> DATA:
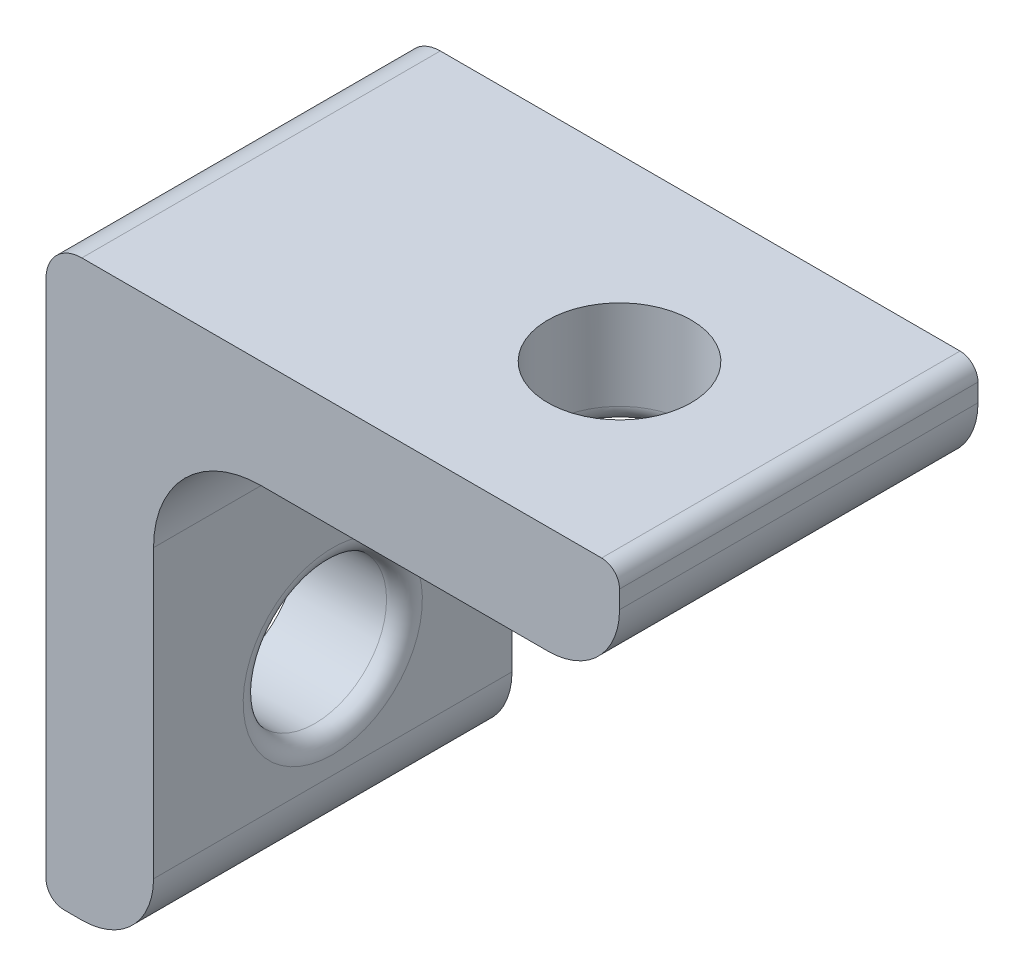
SolidWorks part; units mm, degrees
material "自定义塑料"
ref_plane "前视基准面" through (0, 0, 0) normal (0, 0, 1) x (1, 0, 0)
ref_plane "上视基准面" through (0, 0, 0) normal (0, 1, 0) x (1, 0, 0)
ref_plane "右视基准面" through (0, 0, 0) normal (1, 0, 0) x (0, 0, -1)
sketch "草图1" plane through (0, 0, 0) normal (0, 0, 1) x (1, 0, 0)
  line L1 (-13, 0) -> (-13, -11)
  line L2 (-15, -13) -> (-15.5, -13)
  line L3 (-16, -12.5) -> (-16, 3)
  line L5 (0, -55) -> (0, 55) construction
  line L9 (-16, 3) -> (-0.5, 3)
  line L10 (-13, 0) -> (-2, 0)
  line L14 (0, 2.5) -> (0, 2)
  arc A0 (-16, -12.5) -> (-15.5, -13) centre (-15.5, -12.5) ccw
  arc A1 (-13, -11) -> (-15, -13) centre (-15, -11) cw
  arc A2 (0, 2) -> (-2, 0) centre (-2, 2) cw
  arc A3 (0, 2.5) -> (-0.5, 3) centre (-0.5, 2.5) ccw
  point P11 (0, 0)
  point P15 (0, 0)
  point P17 (-16, -13)
  point P20 (-13, -13)
  point P21 (0, 3)
  point P23 (0, 0)
  point P24 (0, 3)
  dimension "D5" = 0.5
  dimension "D6" = 2
  dimension "D7" = 2
  dimension "D8" = 0.5
  dimension "D1" = 13
  dimension "D2" = 3
  dimension "D3" = 3
  dimension "D4" = 16
extrude "凸台-拉伸1" add sketch "草图1" along normal blind 10
sketch "草图2" plane through (-13, 0, 0) normal (1, 0, 0) x (0, 0, -1)
  line L2 (0, -11) -> (0, 0) construction
  line L3 (-10, 3) -> (0, 3) construction
  circle A0 centre (-5, -8) radius 2
  dimension "D1" = 4
  dimension "D2" = 5
  dimension "D3" = 11
sketch "草图4" plane through (0, 0, 0) normal (0, 1, 0) x (1, 0, 0)
  line L0 (-0.5, 0) -> (-16, 0) construction
  line L1 (0, -10) -> (0, 0) construction
  circle A0 centre (-5, -5) radius 2
  dimension "D1" = 4
  dimension "D2" = 5
  dimension "D3" = 5
extrude "切除-拉伸1" cut sketch "草图4" along normal blind 10
extrude "切除-拉伸2" cut sketch "草图2" against normal blind 20
fillet "圆角2" radius 0.5 2 edges at (-13, -8, 3) (-5, 0, 7)
fillet "圆角3" radius 3 1 edges at (-13, 0, 5)
fillet "圆角4" radius 1 1 edges at (-16, 3, 5)
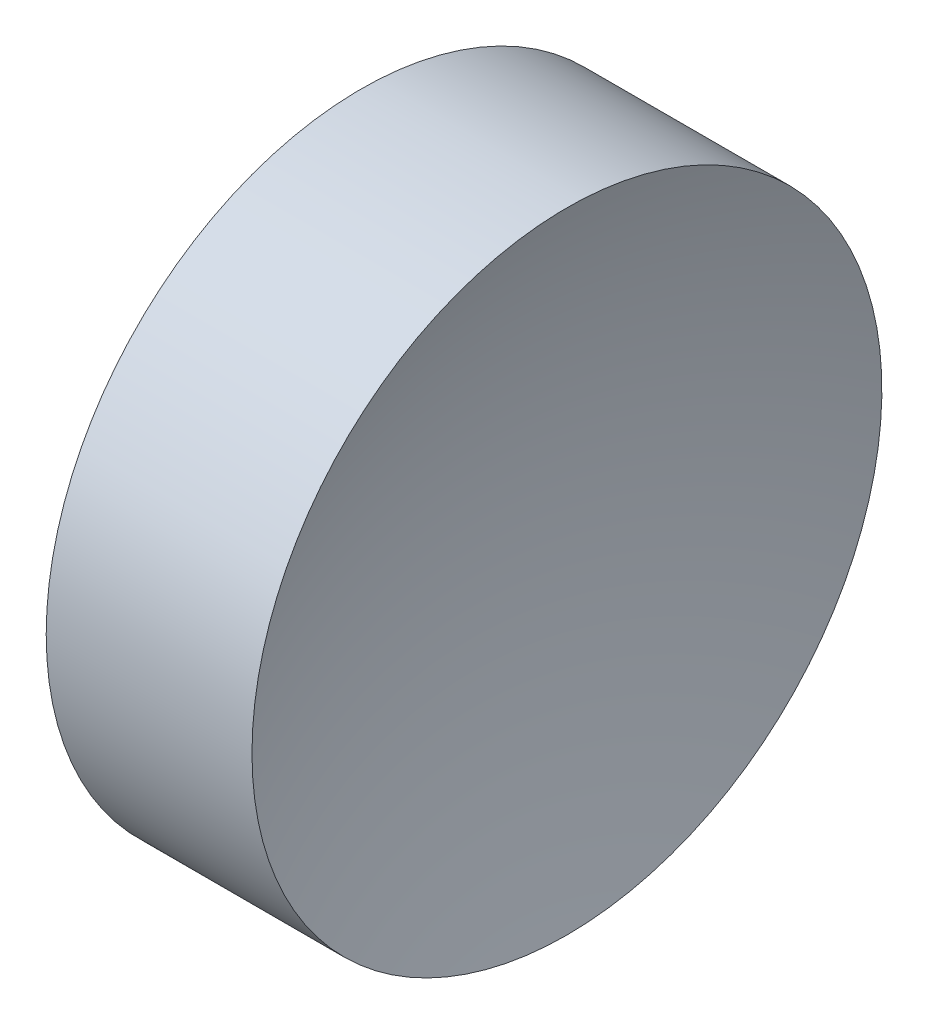
SolidWorks part; units mm, degrees
ref_plane "前视基准面" through (0, 0, 0) normal (0, 0, 1) x (1, 0, 0)
ref_plane "上视基准面" through (0, 0, 0) normal (0, 1, 0) x (1, 0, 0)
ref_plane "右视基准面" through (0, 0, 0) normal (1, 0, 0) x (0, 0, -1)
sketch "草图2" plane through (0, 0, 0) normal (0, 0, 1) x (1, 0, 0)
  line L0 (21.1565, 13.0311) -> (26.8361, 13.0311) construction
  line L1 (22.2009, 13.0311) -> (22.2009, 16.1811)
  line L2 (22.2009, 16.1811) -> (24.2589, 16.1811)
  line L3 (23.7009, 13.0311) -> (22.2009, 13.0311)
  arc A0 (24.2589, 16.1811) -> (23.7009, 13.0311) centre (32.8709, 13.0311) ccw
revolve "旋转1" add sketch "草图2" angle 360 about L0
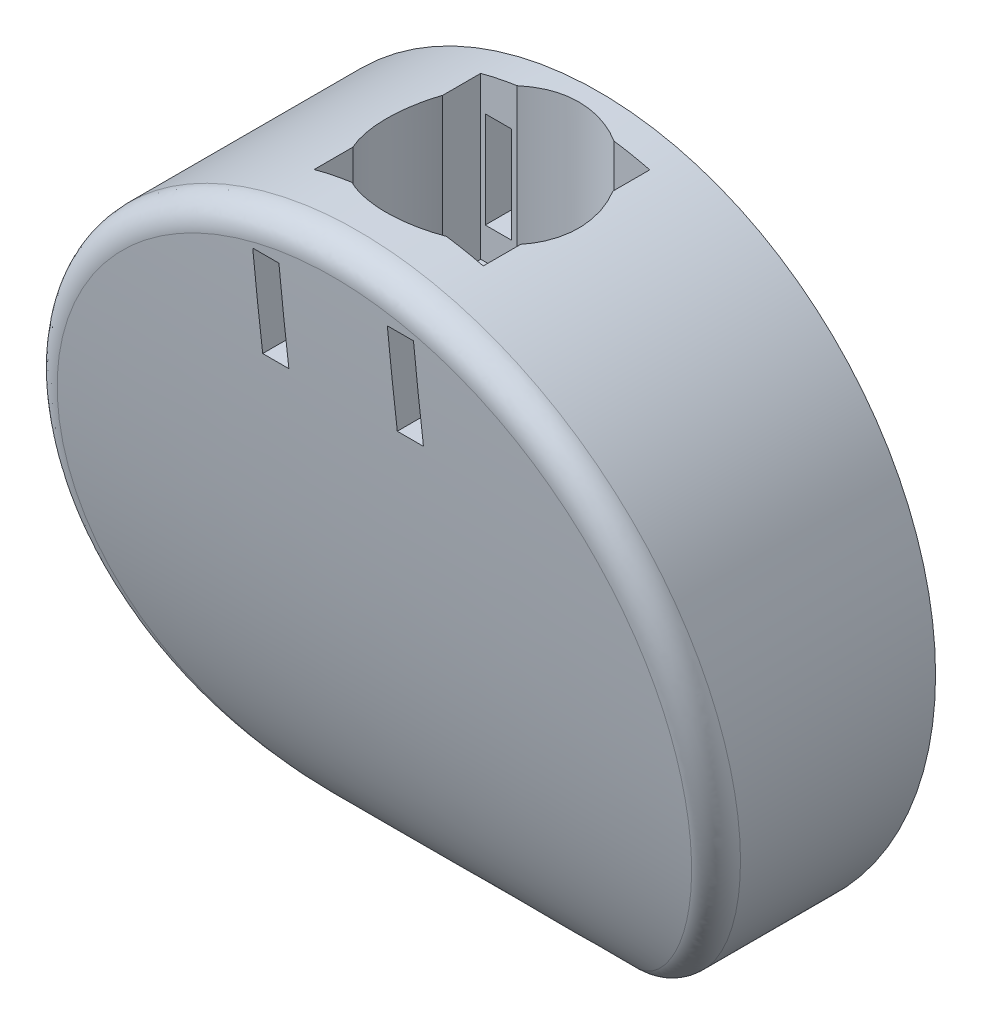
SolidWorks part; units mm, degrees
ref_plane "Plan de face" through (0, 0, 0) normal (0, 0, 1) x (1, 0, 0)
ref_plane "Plan de dessus" through (0, 0, 0) normal (0, 1, 0) x (1, 0, 0)
ref_plane "Plan de droite" through (0, 0, 0) normal (1, 0, 0) x (0, 0, -1)
sketch "Esquisse1" plane through (0, 0, 0) normal (0, 0, 1) x (1, 0, 0)
  circle A0 centre (0.2907, 0.2907) radius 67
  dimension "D1" = 134
extrude "Boss.-Extru.1" add sketch "Esquisse1" along normal blind 53.34
sketch "Esquisse4" plane through (0, 0, 0) normal (1, 0, 0) x (0, 0, -1)
  line L1 (-0.1422, -67.1272) -> (-53.34, -66.7093)
  line L2 (-53.34, -66.7093) -> (-53.34, 67.2907)
  spline S0 degree 3 poles (-53.34, 67.2907) (-53.3149, 64.9653) (-44.6519, -34.8903) (-23.1604, -66.3734) (-0.1422, -67.1272) knots 0 0 0 0 0.36297 1 1 1 1
extrude "Enlèv. mat.-Extru.1" cut sketch "Esquisse4" against normal through all both and the other way through all
fillet "Congé1" radius 5 1 edges at (-0.0427, -66.7085, 4.6747)
ref_plane "Plan2" through (0, 67.2907, 0) normal (0, 1, 0) x (1, 0, 0)
sketch "Esquisse6" plane through (0, 67.2907, 0) normal (0, 1, 0) x (1, 0, 0)
  line L0 (67.2907, 0) -> (-66.7093, 0) construction
  line L1 (-16.9103, -6.35) -> (-9.6498, -6.35)
  line L2 (-16.9103, -6.35) -> (-16.9103, -13.9146)
  line L3 (-16.9103, -39.497) -> (-9.4287, -39.497)
  line L4 (16.7447, -6.35) -> (16.7447, -13.6788)
  line L5 (67.2907, -40.0395) -> (67.2907, 0) construction
  line L6 (-16.9103, -31.8054) -> (-16.9103, -39.497)
  line L7 (9.3901, -39.497) -> (16.7447, -39.497)
  line L8 (16.7447, -32.0412) -> (16.7447, -39.497)
  line L9 (9.6112, -6.35) -> (16.7447, -6.35)
  arc A0 (-16.9103, -13.9146) -> (-16.9103, -31.8054) centre (-0.0193, -22.86) ccw
  arc A1 (-9.4287, -39.497) -> (9.3901, -39.497) centre (-0.0193, -22.86) ccw
  arc A2 (16.7447, -32.0412) -> (16.7447, -13.6788) centre (-0.0193, -22.86) ccw
  arc A3 (9.6112, -6.35) -> (-9.6498, -6.35) centre (-0.0193, -22.86) ccw
  dimension "D5" = 38.227
  dimension "D1" = 33.655
  dimension "D2" = 33.147
  dimension "D3" = 22.86
  dimension "D4" = 67.31
  dimension "D6" = 16.51
  dimension "D7" = 16.764
extrude "Enlèv. mat.-Extru.4" cut sketch "Esquisse6" against normal blind 34.29
ref_plane "Plan4" through (0, 0, 6.35) normal (0, 0, 1) x (1, 0, 0)
sketch "Esquisse10" plane through (0, 0, 6.35) normal (0, 0, 1) x (1, 0, 0)
  line L1 (-15.9998, 58.5277) -> (-10.7928, 58.5277)
  line L2 (-15.9998, 58.5277) -> (-15.9998, 39.3507)
  line L3 (-15.9998, 39.3507) -> (-10.7928, 39.3507)
  line L4 (-10.7928, 58.5277) -> (-10.7928, 39.3507)
  line L5 (-9.6498, 33.0007) -> (-9.6498, 66.5492) construction
  line L7 (-9.6498, 33.0007) -> (-16.9103, 33.0007) construction
  dimension "D1" = 5.207
  dimension "D2" = 19.177
  dimension "D3" = 1.143
  dimension "D4" = 6.35
extrude "Enlèv. mat.-Extru.7" cut sketch "Esquisse10" against normal through all
mirror "Symétrie1" about plane through (0, 0, 0) normal (1, 0, 0) of "Enlèv. mat.-Extru.7"
ref_plane "Plan5" through (0, 0, 22.8611) normal (0, 0, -1) x (-1, 0, 0)
mirror "Symétrie2" about plane through (0, 0, 22.8611) normal (0, 0, -1) of "Symétrie1", "Enlèv. mat.-Extru.7"
sketch "Esquisse12" [suppressed] plane through (15.7461, 0, 0) normal (-1, 0, 0) x (0, 0, 1)
  line L0 (52.6258, 58.4007) -> (50.6529, 39.3507)
  line L1 (50.6529, 39.3507) -> (39.37, 39.3507)
  line L2 (39.37, 39.3507) -> (39.37, 58.4007)
  line L3 (39.37, 58.4007) -> (52.6258, 58.4007)
  line L4 (52.6258, 58.4007) -> (39.37, 58.4007) construction
  line L5 (50.6529, 39.3507) -> (39.37, 39.3507) construction
ref_plane "Plan6" through (0, 35.5407, 0) normal (0, 1, 0) x (1, 0, 0)
sketch "Esquisse7" plane through (0, 35.5407, 0) normal (0, 1, 0) x (1, 0, 0)
  circle A0 centre (-0.0193, -22.86) radius 7.62
  arc A1 (9.6112, -6.35) -> (-9.6498, -6.35) centre (-0.0193, -22.86) ccw construction
  dimension "D1" = 15.24
extrude "Enlèv. mat.-Extru.8" cut sketch "Esquisse7" against normal blind 6.35

> TASK PROMPT:
Within the lines above, find those holding the word "Enlèv" and copy them.

> RESULT OF THIS EXERCISE:
extrude "Enlèv. mat.-Extru.1" cut sketch "Esquisse4" against normal through all both and the other way through all
extrude "Enlèv. mat.-Extru.4" cut sketch "Esquisse6" against normal blind 34.29
extrude "Enlèv. mat.-Extru.7" cut sketch "Esquisse10" against normal through all
mirror "Symétrie1" about plane through (0, 0, 0) normal (1, 0, 0) of "Enlèv. mat.-Extru.7"
mirror "Symétrie2" about plane through (0, 0, 22.8611) normal (0, 0, -1) of "Symétrie1", "Enlèv. mat.-Extru.7"
extrude "Enlèv. mat.-Extru.8" cut sketch "Esquisse7" against normal blind 6.35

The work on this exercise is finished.